══ Dataset extract
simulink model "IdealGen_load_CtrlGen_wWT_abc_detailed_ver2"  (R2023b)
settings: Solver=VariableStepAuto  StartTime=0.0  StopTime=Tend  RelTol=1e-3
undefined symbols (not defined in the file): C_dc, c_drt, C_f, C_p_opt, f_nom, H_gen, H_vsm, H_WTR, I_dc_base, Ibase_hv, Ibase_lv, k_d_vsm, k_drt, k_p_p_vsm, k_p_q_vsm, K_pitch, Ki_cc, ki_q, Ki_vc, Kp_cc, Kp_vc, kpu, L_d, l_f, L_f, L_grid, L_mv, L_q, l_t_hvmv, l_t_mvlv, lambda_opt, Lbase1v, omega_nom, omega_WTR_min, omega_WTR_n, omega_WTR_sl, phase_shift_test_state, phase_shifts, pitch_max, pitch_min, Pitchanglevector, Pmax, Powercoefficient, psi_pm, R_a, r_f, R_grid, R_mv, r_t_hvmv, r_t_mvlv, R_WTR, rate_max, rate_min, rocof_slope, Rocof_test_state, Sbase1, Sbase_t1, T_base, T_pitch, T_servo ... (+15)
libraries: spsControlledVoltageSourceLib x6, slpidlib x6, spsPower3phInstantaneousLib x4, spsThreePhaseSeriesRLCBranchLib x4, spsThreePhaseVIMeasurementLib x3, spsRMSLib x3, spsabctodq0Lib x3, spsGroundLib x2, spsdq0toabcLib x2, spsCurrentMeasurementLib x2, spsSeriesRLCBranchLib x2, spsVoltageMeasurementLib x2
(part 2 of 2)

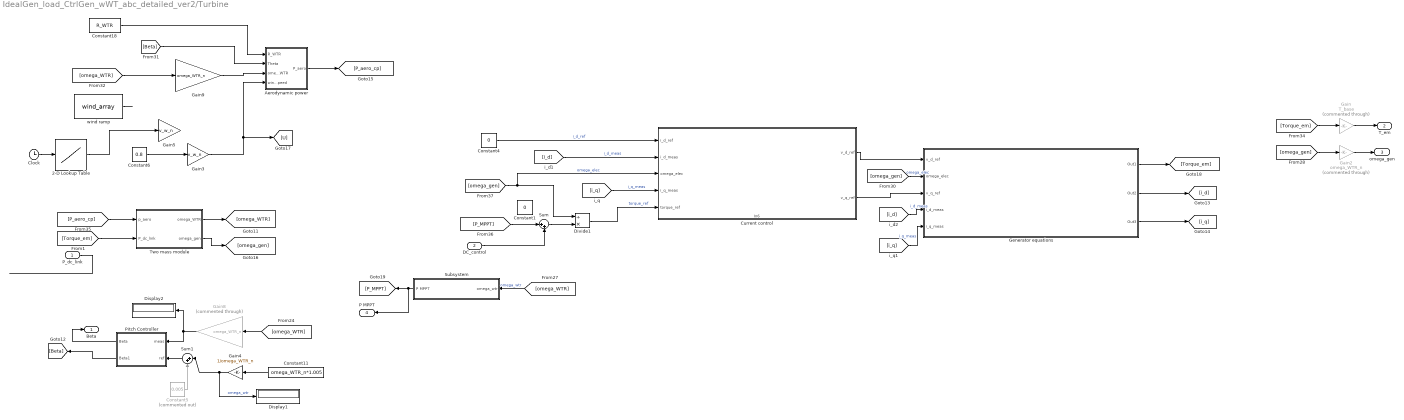
== system IdealGen_load_CtrlGen_wWT_abc_detailed_ver2/Turbine ==
  P_dc_link : Inport
  DC_control : Inport  Port=2
  2-D Lookup Table : Lookup_n-D  NumberOfTableDimensions=1  BreakpointsForDimension1=wind_array_step(1,:)  BreakpointsForDimension2=[1:3]  IndexSearchMethod=Linear search  Table=wind_array_step(2,:)  InterpMethod=Nearest  InternalRulePriority=Speed  RndMeth=Simplest
  Aerodynamic power : Subsystem
  Clock : Clock
  Constant1 : Constant  Value=0
  Constant11 : Constant  Value=omega_WTR_n*1.005
  Constant18 : Constant  Value=R_WTR
  Constant4 : Constant  Value=0
  Constant5 : Constant  Commented=on  Value=0.005
  Constant6 : Constant  Value=0.8
  Current control : Subsystem
      settings: PortSchema="{\"entries\":[{\"content\":{\"sides\":[{\"content\":{\"connectorIds\":[\"In1\",\"In2\",\"In3\",\"In4\",\"In5\"]},\"type\":\"ConnectorPlacement.EquallySpacedRectSide\",\"uuid\":\"f0c0ebaa-c967-4356-ac1b-c57f63a29779\"},{\"content\":{\"connectorIds\":[\"Out1\",\"Out2\"],\"side\":\"RIGHT\"},\"type\":\"ConnectorPlacement.EquallySpacedRectSide\",\"uuid\":\"1cdf54d9-8841-4054-96d8-98f023823611\"},{\"content\":{\"side\":\"TOP\"},\"type\":\"ConnectorPlacement.EquallySpacedRectSide\",\"uuid\":\"e5446ced-f102-4515-b1a2-d62d39d31328\"},{\"content\":{\"connectorIds\":[\"In6\"],\"side\":\"BOTTOM\"},\"type\":\"ConnectorPlacement.EquallySpacedRectSide\",\"uuid\":\"501a05db-372f-49fd-99c3-d79253c332da\"}]},\"type\":\"ConnectorPlacement.EquallySpacedConnector\",\"uuid\":\"99b5cc9b-ee78-4a5c-8cde-7a0c5c1e273f\"}],\"packageUris\":[\"http://schema.mathworks.com/mf0/Connector/R2020b\"],\"version\":\"1.0\"}"
  Display1 : Display
  Display2 : Display
  Divide1 : Product  Inputs=/*
  Gain : Gain  Commented=through  Gain=T_base
  Gain2 : Gain  Commented=through  Gain=omega_WTR_n
  Gain3 : Gain  Gain=v_w_n
  Gain4 : Gain  Gain=1/omega_WTR_n
  Gain5 : Gain  Gain=v_w_n
  Gain8 : Gain  Commented=through  Gain=omega_WTR_n
  Gain9 : Gain  Gain=omega_WTR_n
  Generator equations : Subsystem
  Pitch Controller : Subsystem
  Subsystem : Subsystem
  Sum : Sum  Inputs=|++
  Sum1 : Sum  Inputs=|++
  Two mass module : Subsystem
  wind ramp : FromWorkspace  VariableName=wind_array
  Beta : Outport
  T_em : Outport  Port=2
  omega_gen : Outport  Port=3
  P MPPT : Outport  Port=4
  wires:
  [omega_gen] -> Gain2/1
  [omega_WTR] -> Subsystem/1(omega_wtr)  "omega_wtr"
  [i_d] -> Current control/2(i_d_meas)  "i_d_meas"
  Generator equations/3(Out3) -> [i_q]
  [i_q] -> Generator equations/5(i_q_meas)  "i_q_meas"
  Pitch Controller/1(Beta) -> Beta/1
  [i_d] -> Generator equations/4(i_d_meas)  "i_d_meas"
  Constant18/1 -> Aerodynamic power/1(R_WTR)
  [omega_gen] -> Generator equations/2(omega_elec)  "omega_elec"
  Gain3/1 -> Aerodynamic power/4(wind speed), [U]
  [Torque_em] -> Two mass module/2(P_dc_link)
  Constant11/1 -> Gain4/1
  wind ramp/1 -> ?
  [P_aero_cp] -> Two mass module/1(p_aero)
  Constant4/1 -> Current control/1(i_d_ref)  "i_d_ref"
  Generator equations/1(Out1) -> [Torque_em]
  Constant5/1 -> Sum1/2
  Two mass module/1(omega_WTR) -> [omega_WTR]
  [P_MPPT] -> Sum/1
  Two mass module/2(omega_gen) -> [omega_gen]
  [omega_gen] -> Divide1/1, Current control/3(omega_elec)  "omega_elec"
  Sum1/1 -> Pitch Controller/2(ref)
  Gain4/1 -> Sum1/1, Display1/1  "omega_wtr"
  Constant6/1 -> Gain3/1
  [omega_WTR] -> Gain8/1
  Clock/1 -> 2-D Lookup Table/1
  Pitch Controller/2(Beta1) -> [Beta]
  [i_q] -> Current control/4(i_q_meas)  "i_q_meas"
  Aerodynamic power/1(P_aero) -> [P_aero_cp]
  Gain9/1 -> Aerodynamic power/3(omega_WTR)
  Gain8/1 -> Display2/1, Pitch Controller/1(meas)
  [Beta] -> Aerodynamic power/2(Theta)
  2-D Lookup Table/1 -> Gain5/1
  [Torque_em] -> Gain/1
  Subsystem/1(P MPPT) -> P MPPT/1, [P_MPPT]
  Divide1/1 -> Current control/5(torque_ref)  "torque_ref"
  Current control/1(v_d_ref) -> Generator equations/1(v_d_ref)
  Generator equations/2(Out2) -> [i_d]
  [omega_WTR] -> Gain9/1
  Current control/2(v_q_ref) -> Generator equations/3(v_q_ref)
  Gain/1 -> T_em/1
  Gain2/1 -> omega_gen/1
  Sum/1 -> Divide1/2
  P_dc_link/1 -> ?
  DC_control/1 -> Sum/2

== system IdealGen_load_CtrlGen_wWT_abc_detailed_ver2/Voltage control ==
  Qm : Inport
  Qref : Inport  Port=2
  Constant5 : Constant
  Gain8 : Gain  Gain=1/Sbase1
  Gain9 : Gain  Gain=k_p_q_vsm
  Scope : Scope  NumInputPorts=4
  Sum3 : Sum  Inputs=|-+
  Sum4 : Sum  Inputs=|++
  Transfer Fcn1 : TransferFcn  Numerator=[ki_q]  Denominator=[1 ki_q]
  Vref : Outport
  delta Q : Outport  Port=2
  wires:
  Constant5/1 -> Sum4/2
  Qm/1 -> Gain8/1
  Gain9/1 -> Scope/3, Sum4/1
  Transfer Fcn1/1 -> Scope/2, Gain9/1
  Sum3/1 -> Transfer Fcn1/1, Scope/1, delta Q/1  "delta Q"
  Sum4/1 -> Scope/4, Vref/1  "Vref"
  Qref/1 -> Sum3/2
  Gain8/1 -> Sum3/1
════
Line by line, check the data above for the word "Aerodynamic" and state how many lines contain it. Give only the number.

6